We could manually create features using \(X, X^2\) etc. but there’s a simpler way to do that using the PolynomialFeatures
object:
from sklearn.preprocessing import PolynomialFeatures
It works similarly to the model objects. We instantiate it for a specific degree):
poly = PolynomialFeatures(degree=2)
Since we don’t need to train a model here, we can directly use the poly
object to generate the features using fit_transform
. We also transform the output into a DataFrame for clarity:
X_poly = poly.fit_transform(X)
X_poly = pd.DataFrame(X_poly, columns=('cst', 'degree1', 'degree2'))
X_poly.head(4)
cst | degree1 | degree2 | |
---|---|---|---|
0 | 1.0 | 0.244854 | 0.059954 |
1 | 1.0 | 0.998748 | 0.997498 |
2 | 1.0 | 0.849103 | 0.720975 |
3 | 1.0 | 0.955166 | 0.912342 |
The poly
object has added a constant column (for the abcisse) and a column with squared values of X
. We can use these three features now in our model:
lin_model.fit(X=X_poly, y=y)
LinearRegression()In a Jupyter environment, please rerun this cell to show the HTML representation or trust the notebook.

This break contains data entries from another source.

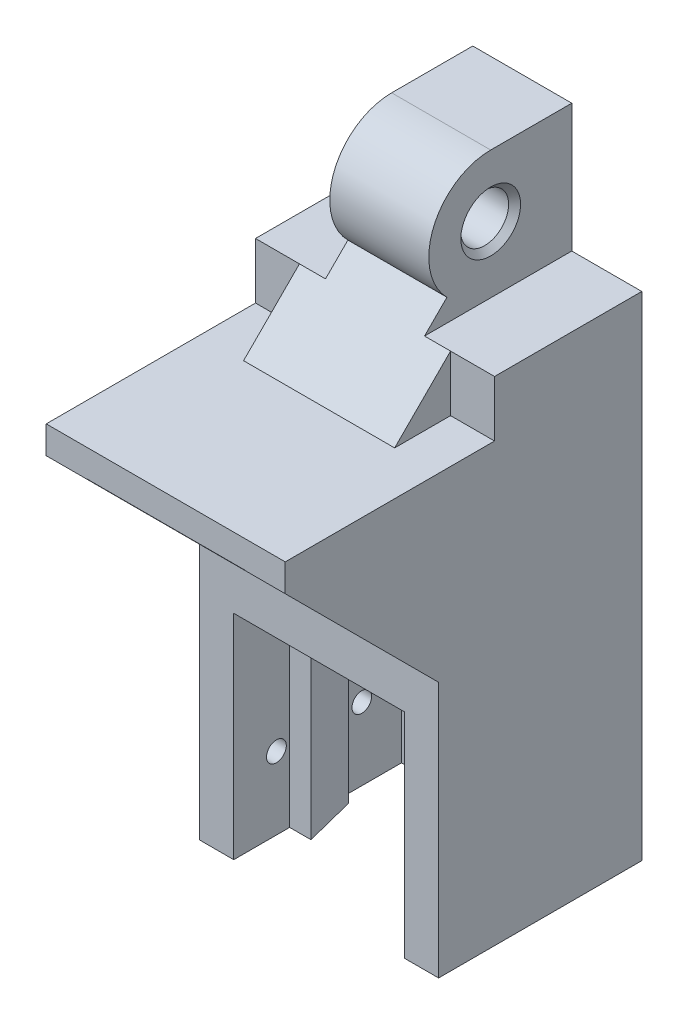
from build123d import *

# Parameters (mm, degrees)
SKETCH1_W                = 26
SKETCH1_H                = 28
BOSS_EXTRUDE1_DEPTH      = 50
CUT_EXTRUDE3_DEPTH       = 39
SKETCH14_R               = 7.25
BOSS_EXTRUDE7_DEPTH      = 5.8
SKETCH15_R               = 2.8
CUT_EXTRUDE4_DEPTH       = 28
CUT_EXTRUDE7_DEPTH       = 54.29223677
SKETCH19_R               = 2.15
CUT_EXTRUDE9_DEPTH       = 50
ESQUISSE1_W              = 17.371158736
ESQUISSE1_H              = 10.855066753
ENL_V_MAT_EXTRU_1_DEPTH  = 7.5
ENL_V_START              = -7.2
ESQUISSE3_W              = 17.25
ESQUISSE3_H              = 8.423951408
ENL_V_MAT_EXTRU_3_DEPTH  = 7.2
ESQUISSE43_W             = 18.6
ESQUISSE43_H             = 18
ENL_V_MAT_EXTRU_4_DEPTH  = 20
BOSS_EXTRU_28_DEPTH      = 23
ENL_V_MAT_EXTRU_5_DEPTH  = 25
ENL_V_MAT_EXTRU_6_DEPTH  = 7
ESQUISSE48_R             = 4
BOSS_EXTRU_29_DEPTH      = 6
ESQUISSE51_R             = 2.15
ENL_V_MAT_EXTRU_9_DEPTH  = 12
ESQUISSE53_W             = 6.55
ESQUISSE53_H             = 26.2
BOSS_EXTRU_30_DEPTH      = 3.7
ESQUISSE54_W             = 6.55
ESQUISSE54_H             = 26.2
BOSS_EXTRU_31_DEPTH      = 3.7
ESQUISSE55_W             = 3
ESQUISSE55_H             = 25
BOSS_EXTRU_32_DEPTH      = 6.55
ESQUISSE56_R             = 1.15
ESQUISSE56_R_2           = 1.16
ENL_V_MAT_EXTRU_11_DEPTH = 10
CHANFREIN1_SIZE          = 0.7
ESQUISSE57_R             = 2.15
ENL_V_MAT_EXTRU_12_DEPTH = 10
BOSS_EXTRU_33_START      = 1
ESQUISSE58_R             = 1.15
ESQUISSE58_R_2           = 1.16
BOSS_EXTRU_33_DEPTH      = 1
BOSS_EXTRU_34_DEPTH      = 1
ESQUISSE61_W             = 0.45
ESQUISSE61_H             = 6.55
ENL_V_MAT_EXTRU_13_DEPTH = 15
BOSS_EXTRU_35_DEPTH      = 25
ENL_V_MAT_EXTRU_14_DEPTH = 41
ENL_V_MAT_EXTRU_15_DEPTH = 33


with BuildPart() as part:
    # Sketch1 → Boss-Extrude1 (new body)
    with BuildSketch(Plane(origin=(0, 0, 0), x_dir=(1, 0, 0), z_dir=(0, 1, 0))):
        Rectangle(SKETCH1_W, SKETCH1_H)
    extrude(amount=BOSS_EXTRUDE1_DEPTH)

    # Sketch7 → Cut-Extrude3 (cut)
    with BuildSketch(Plane(origin=(13, 0, 0), x_dir=(0, 0, -1), z_dir=(1, 0, 0))):
        with BuildLine():
            Line((4.5, 50), (-14, 50))
            Line((-14, 50), (-14, 24))
            Line((-14, 24), (-0.626524164, 37.373475836))
            ThreePointArc((-0.626524164, 37.373475836), (11.198126611, 39.725545115), (4.5, 49.75))
            Line((4.5, 49.75), (14, 49.75))
            Line((14, 49.75), (14, 50))
            Line((14, 50), (4.5, 50))
        make_face()
    extrude(amount=-CUT_EXTRUDE3_DEPTH, mode=Mode.SUBTRACT)

    # Sketch14 → Boss-Extrude7 (add, symmetric)
    with BuildSketch(Plane(origin=(0, 0, 0), x_dir=(0, 0, -1), z_dir=(1, 0, 0))):
        with Locations((4.5, 42.5)):
            Circle(SKETCH14_R)
    boss_extrude7 = extrude(amount=BOSS_EXTRUDE7_DEPTH, both=True)

    # Symétrie1: Boss-Extrude7 across plane
    add(boss_extrude7.mirror(Plane(origin=(0, 0, 0), x_dir=(0, 0, 1), z_dir=(1, 0, 0))))

    # Sketch15 → Cut-Extrude4 (cut)
    with BuildSketch(Plane(origin=(13, 0, 0), x_dir=(0, 0, -1), z_dir=(1, 0, 0))):
        with Locations((4.5, 42.5)):
            Circle(SKETCH15_R)
    extrude(amount=-CUT_EXTRUDE4_DEPTH, mode=Mode.SUBTRACT)

    # Sketch17 → Cut-Extrude7 (cut, through all)
    with BuildSketch(Plane.XZ):
        Polygon((-9.3, 3.25), (-13, 3.25), (-13, 14), (13, 14), (13, 3.25), (9.3, 3.25), (9.3, 9.8), (-9.3, 9.8), align=None)
    extrude(amount=-CUT_EXTRUDE7_DEPTH, mode=Mode.SUBTRACT)

    # Sketch19 → Cut-Extrude9 (cut)
    with BuildSketch(Plane(origin=(0, 0, -14), x_dir=(-1, 0, 0), z_dir=(0, 0, -1))):
        with Locations((0, 16)):
            Circle(SKETCH19_R)
    extrude(amount=-CUT_EXTRUDE9_DEPTH, mode=Mode.SUBTRACT)

    # Esquisse1 → Enlèv. mat.-Extru.1 (cut)
    with BuildSketch(Plane(origin=(0, 49.75, 0), x_dir=(1, 0, 0), z_dir=(0, 1, 0))):
        with Locations((-14.485579368, 9.927533377)):
            Rectangle(ESQUISSE1_W, ESQUISSE1_H)
    enl_v_mat_extru_1 = extrude(amount=-ENL_V_MAT_EXTRU_1_DEPTH, mode=Mode.SUBTRACT)

    # Symétrie3: Enlèv. mat.-Extru.1 across plane
    add(enl_v_mat_extru_1.mirror(Plane(origin=(0, 0, 0), x_dir=(0, 0, 1), z_dir=(1, 0, 0))), mode=Mode.SUBTRACT)

    # Esquisse3 → Enlèv. mat.-Extru.3 (cut)
    with BuildSketch(Plane(origin=(13, 0, 0), x_dir=(0, 0, -1), z_dir=(1, 0, 0)).offset(ENL_V_START)):
        with Locations((5.375, 38.961975704)):
            Rectangle(ESQUISSE3_W, ESQUISSE3_H)
    enl_v_mat_extru_3 = extrude(amount=ENL_V_MAT_EXTRU_3_DEPTH, mode=Mode.SUBTRACT)

    # Symétrie4: Enlèv. mat.-Extru.3 across plane
    add(enl_v_mat_extru_3.mirror(Plane(origin=(0, 0, 0), x_dir=(0, 0, 1), z_dir=(1, 0, 0))), mode=Mode.SUBTRACT)

    # Esquisse43 → Enlèv. mat.-Extru.4 (cut)
    with BuildSketch(Plane.XY.offset(9.8)):
        with Locations((0, 16)):
            Rectangle(ESQUISSE43_W, ESQUISSE43_H)
    extrude(amount=-ENL_V_MAT_EXTRU_4_DEPTH, mode=Mode.SUBTRACT)

    # Esquisse45 → Boss.-Extru.28 (add)
    with BuildSketch(Plane.XZ):
        Polygon((-9.3, 3.25), (-9.3, 9.8), (9.3, 9.8), (9.3, 3.25), (13, 3.25), (13, -14), (-13, -14), (-13, 3.25), align=None)
    extrude(amount=BOSS_EXTRU_28_DEPTH)

    # Sketch3 → Enlèv. mat.-Extru.5 (cut)
    with BuildSketch(Plane(origin=(0, -23, 0), x_dir=(1, 0, 0), z_dir=(0, 1, 0))):
        Polygon((10, 2.65), (10, 9.85), (2.9, 9.85), (2.9, 5.85), (-2.9, 5.85), (-2.9, 9.85), (-10, 9.85), (-10, 2.65), (-9, 2.65), (-7.502829597, -3.25), (-10, -3.25), (-10, -14.961698536), (10, -14.961698536), (10, -3.25), (7.5, -3.25), (9, 2.65), align=None)
    extrude(amount=ENL_V_MAT_EXTRU_5_DEPTH, mode=Mode.SUBTRACT)

    # Esquisse47 → Enlèv. mat.-Extru.6 (cut)
    with BuildSketch(Plane(origin=(0, 2, 0), x_dir=(-1, 0, 0), z_dir=(0, -1, 0))):
        with BuildLine():
            Line((-9, 2.65), (-9, 5.85))
            Line((-9, 5.85), (-6.550876644, 5.85))
            ThreePointArc((-6.550876644, 5.85), (-2.9, 0.180002706), (-6.550876644, -5.489994589))
            Line((-6.550876644, -5.489994589), (-7.016727392, -5.489994589))
            Line((-7.016727392, -5.489994589), (-9, 2.65))
        make_face()
        with BuildLine():
            Line((6.550876644, 5.85), (9, 5.85))
            Line((9, 5.85), (9, 2.65))
            Line((9, 2.65), (7.016727392, -5.489994589))
            Line((7.016727392, -5.489994589), (6.550876644, -5.489994589))
            ThreePointArc((6.550876644, -5.489994589), (2.9, 0.180002706), (6.550876644, 5.85))
        make_face()
    extrude(amount=-ENL_V_MAT_EXTRU_6_DEPTH, mode=Mode.SUBTRACT)

    # Esquisse48 → Boss.-Extru.29 (add)
    with BuildSketch(Plane.XY.offset(-10.2)):
        with Locations((0, 16)):
            Circle(ESQUISSE48_R)
    extrude(amount=BOSS_EXTRU_29_DEPTH)

    # Esquisse51 → Enlèv. mat.-Extru.9 (cut)
    with BuildSketch(Plane.XY.offset(-5.85)):
        with Locations((0, -8)):
            Circle(ESQUISSE51_R)
    extrude(amount=-ENL_V_MAT_EXTRU_9_DEPTH, mode=Mode.SUBTRACT)

    # Esquisse53 → Boss.-Extru.30 (add)
    with BuildSketch(Plane.ZY.offset(9.3)):
        with Locations((6.525, 15.1)):
            Rectangle(ESQUISSE53_W, ESQUISSE53_H)
    extrude(amount=BOSS_EXTRU_30_DEPTH)

    # Esquisse54 → Boss.-Extru.31 (add)
    with BuildSketch(Plane(origin=(9.3, 0, 0), x_dir=(0, 0, -1), z_dir=(1, 0, 0))):
        with Locations((-6.525, 15.1)):
            Rectangle(ESQUISSE54_W, ESQUISSE54_H)
    extrude(amount=BOSS_EXTRU_31_DEPTH)

    # Esquisse55 → Boss.-Extru.32 (add)
    with BuildSketch(Plane.XY.offset(3.25)):
        with Locations((-11.5, -10.5)):
            Rectangle(ESQUISSE55_W, ESQUISSE55_H)
        with Locations((11.5, -10.5)):
            Rectangle(ESQUISSE55_W, ESQUISSE55_H)
    extrude(amount=BOSS_EXTRU_32_DEPTH)

    # Esquisse56 → Enlèv. mat.-Extru.11 (cut)
    with BuildSketch(Plane.ZY.offset(13)):
        with Locations((-5.2, -14.5)):
            Circle(ESQUISSE56_R)
        with Locations((4.8, -14.5)):
            Circle(ESQUISSE56_R_2)
    extrude(amount=-ENL_V_MAT_EXTRU_11_DEPTH, mode=Mode.SUBTRACT)

    # Chanfrein1
    chanfrein1_edges = [part.edges().sort_by_distance(p)[0] for p in [
        (5.8, 42.5, -1.7),
        (-5.8, 42.5, -1.7),
    ]]
    chamfer(chanfrein1_edges, length=CHANFREIN1_SIZE)

    # Esquisse57 → Enlèv. mat.-Extru.12 (cut)
    with BuildSketch(Plane(origin=(0, 0, -10.2), x_dir=(-1, 0, 0), z_dir=(0, 0, -1))):
        with Locations((0, 16)):
            Circle(ESQUISSE57_R)
    extrude(amount=-ENL_V_MAT_EXTRU_12_DEPTH, mode=Mode.SUBTRACT)

    # Esquisse58 → Boss.-Extru.33 (add)
    with BuildSketch(Plane.ZY.offset(13).offset(BOSS_EXTRU_33_START)):
        Polygon((-14, 34.75), (3.25, 34.75), (3.25, 28.2), (9.8, 28.2), (9.8, -23), (-14, -23), align=None)
        with Locations((-5.2, -14.5)):
            Circle(ESQUISSE58_R, mode=Mode.SUBTRACT)
        with Locations((4.8, -14.5)):
            Circle(ESQUISSE58_R_2, mode=Mode.SUBTRACT)
    extrude(amount=-BOSS_EXTRU_33_DEPTH)

    # Esquisse59 → Boss.-Extru.34 (add)
    with BuildSketch(Plane(origin=(13, 0, 0), x_dir=(0, 0, -1), z_dir=(1, 0, 0))):
        Polygon((-3.25, 28.2), (-3.25, 34.75), (14, 34.75), (14, -23), (-9.8, -23), (-9.8, 28.2), align=None)
    extrude(amount=BOSS_EXTRU_34_DEPTH)

    # Esquisse61 → Enlèv. mat.-Extru.13 (cut)
    with BuildSketch(Plane.XY.offset(3.25)):
        with Locations((-9.075, 31.475)):
            Rectangle(ESQUISSE61_W, ESQUISSE61_H)
        with Locations((9.075, 31.475)):
            Rectangle(ESQUISSE61_W, ESQUISSE61_H)
    extrude(amount=ENL_V_MAT_EXTRU_13_DEPTH, mode=Mode.SUBTRACT)

    # Esquisse62 → Boss.-Extru.35 (add)
    with BuildSketch(Plane.XY.offset(9.8)):
        Polygon((-9.3, 7), (-14, 7), (-14, 28.2), (14, 28.2), (14, 7), (9.3, 7), (9.3, 25), (-9.3, 25), align=None)
    extrude(amount=BOSS_EXTRU_35_DEPTH)

    # Esquisse63 → Enlèv. mat.-Extru.14 (cut)
    with BuildSketch(Plane(origin=(14, 0, 0), x_dir=(0, 0, -1), z_dir=(1, 0, 0))):
        Polygon((-9.8, 7), (-34.636706434, 31.836706434), (-43.129995532, 15.759057015), (-32.785249808, -2.73145904), (-31.803829731, -2.73145904), align=None)
    extrude(amount=-ENL_V_MAT_EXTRU_14_DEPTH, mode=Mode.SUBTRACT)

    # Esquisse64 → Enlèv. mat.-Extru.15 (cut)
    with BuildSketch(Plane.ZY.offset(14)):
        Polygon((31, 28.2), (27.766380883, 28.2), (27.766380883, 24.966380883), align=None)
    extrude(amount=-ENL_V_MAT_EXTRU_15_DEPTH, mode=Mode.SUBTRACT)


solid = part.part
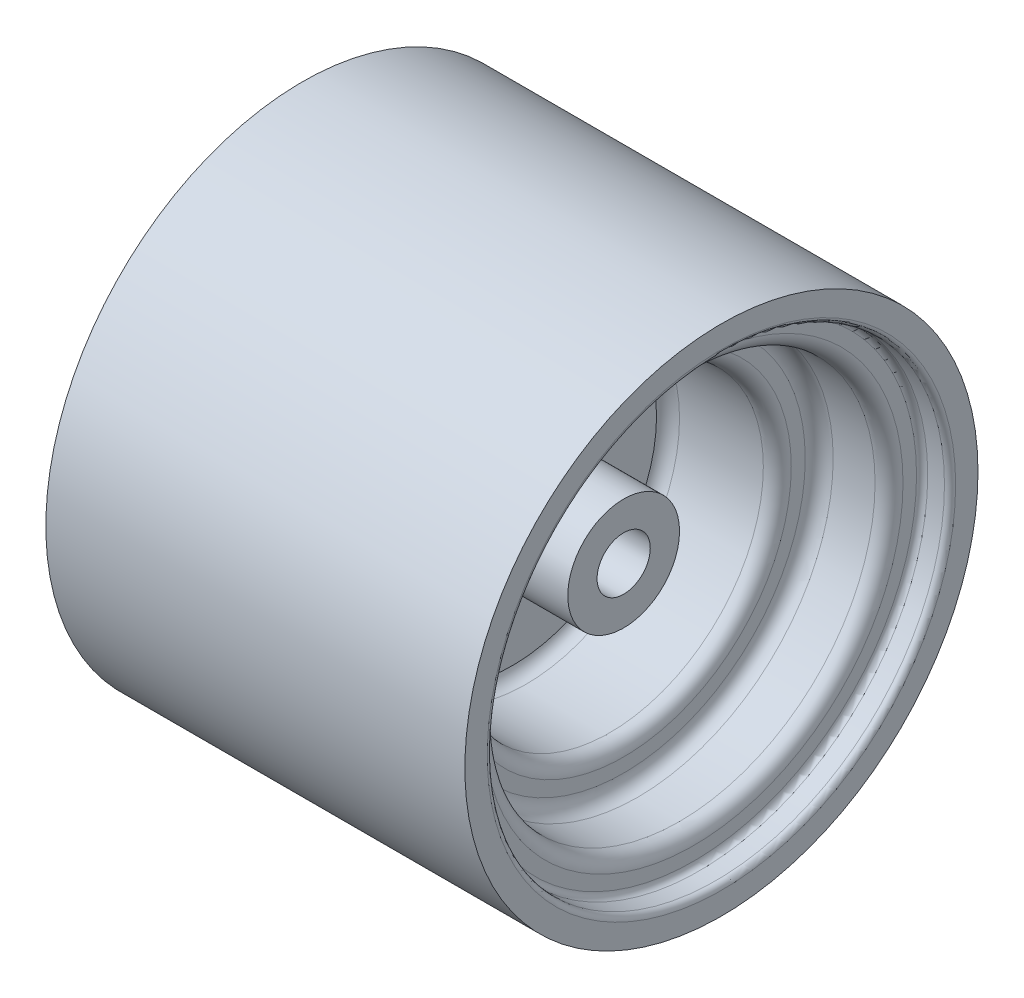
from build123d import *

# Parameters (mm, degrees)
SKETCH1_R           = 91.845
BOSS_EXTRUDE1_DEPTH = 150.24
SKETCH2_R           = 81.845
CUT_EXTRUDE1_DEPTH  = 10
SKETCH3_R           = 70
CUT_EXTRUDE2_DEPTH  = 25
SKETCH4_R           = 55
CUT_EXTRUDE3_DEPTH  = 40
SKETCH5_R           = 20
BOSS_EXTRUDE3_DEPTH = 40
SKETCH6_R           = 91.845
CUT_EXTRUDE4_DEPTH  = 75
FILLET1_R           = 2
FILLET2_R           = 5
FILLET3_R           = 5
FILLET4_R           = 2
FILLET5_R           = 5
FILLET6_R           = 5
FILLET7_R           = 2
SKETCH7_R           = 9.525
CUT_EXTRUDE5_DEPTH  = 75


with BuildPart() as part:
    # Sketch1 → Boss-Extrude1 (new body)
    with BuildSketch(Plane(origin=(0, 0, 0), x_dir=(0, 0, -1), z_dir=(1, 0, 0))):
        Circle(SKETCH1_R)
    extrude(amount=BOSS_EXTRUDE1_DEPTH)

    # Sketch2 → Cut-Extrude1 (cut)
    with BuildSketch(Plane(origin=(150.24, 0, 0), x_dir=(0, 0, -1), z_dir=(1, 0, 0))):
        Circle(SKETCH2_R)
    extrude(amount=-CUT_EXTRUDE1_DEPTH, mode=Mode.SUBTRACT)

    # Sketch3 → Cut-Extrude2 (cut)
    with BuildSketch(Plane(origin=(140.24, 0, 0), x_dir=(0, 0, -1), z_dir=(1, 0, 0))):
        Circle(SKETCH3_R)
    extrude(amount=-CUT_EXTRUDE2_DEPTH, mode=Mode.SUBTRACT)

    # Sketch4 → Cut-Extrude3 (cut)
    with BuildSketch(Plane(origin=(115.24, 0, 0), x_dir=(0, 0, -1), z_dir=(1, 0, 0))):
        Circle(SKETCH4_R)
    extrude(amount=-CUT_EXTRUDE3_DEPTH, mode=Mode.SUBTRACT)

    # Sketch5 → Boss-Extrude3 (add)
    with BuildSketch(Plane(origin=(75.24, 0, 0), x_dir=(0, 0, -1), z_dir=(1, 0, 0))):
        Circle(SKETCH5_R)
    extrude(amount=BOSS_EXTRUDE3_DEPTH)

    # Sketch6 → Cut-Extrude4 (cut)
    with BuildSketch(Plane.ZY):
        Circle(SKETCH6_R)
    extrude(amount=-CUT_EXTRUDE4_DEPTH, mode=Mode.SUBTRACT)

    # Fillet1
    fillet1_edges = [part.edges().sort_by_distance(p)[0] for p in [
        (150.24, 0, 81.845),
    ]]
    fillet(fillet1_edges, radius=FILLET1_R)

    # Fillet2
    fillet2_edges = [part.edges().sort_by_distance(p)[0] for p in [
        (140.24, 0, 70),
    ]]
    fillet(fillet2_edges, radius=FILLET2_R)

    # Fillet3
    fillet3_edges = [part.edges().sort_by_distance(p)[0] for p in [
        (115.24, 0, 70),
    ]]
    fillet(fillet3_edges, radius=FILLET3_R)

    # Fillet4
    fillet4_edges = [part.edges().sort_by_distance(p)[0] for p in [
        (140.24, 0, 81.845),
    ]]
    fillet(fillet4_edges, radius=FILLET4_R)

    # Fillet5
    fillet5_edges = [part.edges().sort_by_distance(p)[0] for p in [
        (115.24, 0, 55),
    ]]
    fillet(fillet5_edges, radius=FILLET5_R)

    # Fillet6
    fillet6_edges = [part.edges().sort_by_distance(p)[0] for p in [
        (75.24, 0, 55),
    ]]
    fillet(fillet6_edges, radius=FILLET6_R)

    # Fillet7
    fillet7_edges = [part.edges().sort_by_distance(p)[0] for p in [
        (75.24, 0, 20),
    ]]
    fillet(fillet7_edges, radius=FILLET7_R)

    # Sketch7 → Cut-Extrude5 (cut)
    with BuildSketch(Plane(origin=(115.24, 0, 0), x_dir=(0, 0, -1), z_dir=(1, 0, 0))):
        Circle(SKETCH7_R)
    extrude(amount=-CUT_EXTRUDE5_DEPTH, mode=Mode.SUBTRACT)

    # Mirror9: part across plane


with BuildPart() as part_1:
    add(part.part)
    add(part.part.mirror(Plane(origin=(75.24, 0, 0), x_dir=(0, 0, 1), z_dir=(1, 0, 0))))


solid = part_1.part
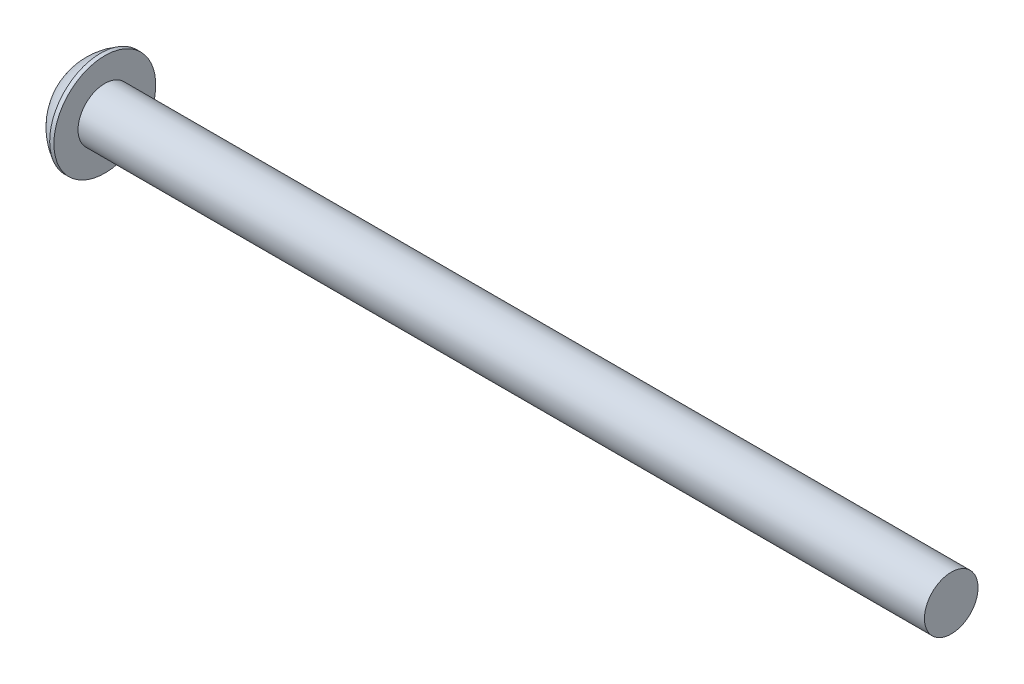
from build123d import *

# Parameters (mm, degrees)
CUT_EXTRUDE1_DEPTH = 1.8288


with BuildPart() as part:
    # Sketch1 → Revolve1 (revolve)
    with BuildSketch(Plane.XY, mode=Mode.PRIVATE) as revolve1_sk:
        with BuildLine():
            Line((0, 0), (76.9366, 0))
            Line((76.9366, 0), (76.9366, 2.413))
            Line((76.9366, 2.413), (0.7366, 2.413))
            Line((0.7366, 2.413), (0.7366, 4.5847))
            Line((0.7366, 4.5847), (0.3556, 4.5847))
            ThreePointArc((0.3556, 4.5847), (-0.901703741, 3.66491926), (-1.8288, 2.413))
            Line((-1.8288, 2.413), (-1.8288, 1.8288))
            Line((-1.8288, 1.8288), (0, 0))
        make_face()
    revolve(revolve1_sk.sketch.rotate(Axis((0, 0, 0), (1, 0, 0)), 90), axis=Axis((0, 0, 0), (1, 0, 0)))

    # Sketch2 → Cut-Extrude1 (cut)
    with BuildSketch(Plane.ZY.offset(1.8288)):
        Polygon((1.833087105, 0), (0.916543552, 1.5875), (-0.916543552, 1.5875), (-1.833087105, 0), (-0.916543552, -1.5875), (0.916543552, -1.5875), align=None)
    extrude(amount=-CUT_EXTRUDE1_DEPTH, mode=Mode.SUBTRACT)


solid = part.part

On GitHub, the HTML representation is unable to render, please try loading this page with nbviewer.org.
LinearRegression()
For the prediction, we need now to provice the same type of structure, by transforming our list of values in the same way:
X_pred_poly = np.arange(0,7,0.5)[:, np.newaxis]
X_pred_poly = poly.fit_transform(X_pred_poly)
X_pred_poly
array([[ 1. , 0. , 0. ],
[ 1. , 0.5 , 0.25],
[ 1. , 1. , 1. ],
[ 1. , 1.5 , 2.25],
[ 1. , 2. , 4. ],
[ 1. , 2.5 , 6.25],
[ 1. , 3. , 9. ],
[ 1. , 3.5 , 12.25],
[ 1. , 4. , 16. ],
[ 1. , 4.5 , 20.25],
[ 1. , 5. , 25. ],
[ 1. , 5.5 , 30.25],
[ 1. , 6. , 36. ],
[ 1. , 6.5 , 42.25]])
y_pred_poly = lin_model.predict(X=X_pred_poly)
/Users/gw18g940/mambaforge/envs/DAVPy2023/lib/python3.10/site-packages/sklearn/base.py:465: UserWarning: X does not have valid feature names, but LinearRegression was fitted with feature names
warnings.warn(
sns.scatterplot(x=centripetal['v'], y=centripetal['a'])
sns.lineplot(x=np.arange(0,7,0.5), y=y_pred_poly, color='red');
We see that the model works much better now! Remembering that \(a = \omega^2*r\) where \(r\) is the radius, we can check whether the recovered value is realistic:
lin_model.coef_
array([0. , 0.00624014, 0.62881036])
The two first coefficients are close to zero (there are no terms for them in our equation), while the last one corresponds to an arm’s length of 60cm.
Exercise#
Import the files ../data/Displacement1 and ../data/Displacement2. They were acquired walking towards a wall and measuring the distance to te wall(
z
represents the distance). Model these two datasets with what you have learned here. What can you learn about how I walked towards the wall?Import the file ../data/Displacement3 which was acquired the same way as ../data/Displacement1 but with errors in the acquisition. Use first the
LinearRegression
model and then theRANSACRegressor
from the same module. Read the docs for RANSACRegressor. Do you understand what happens?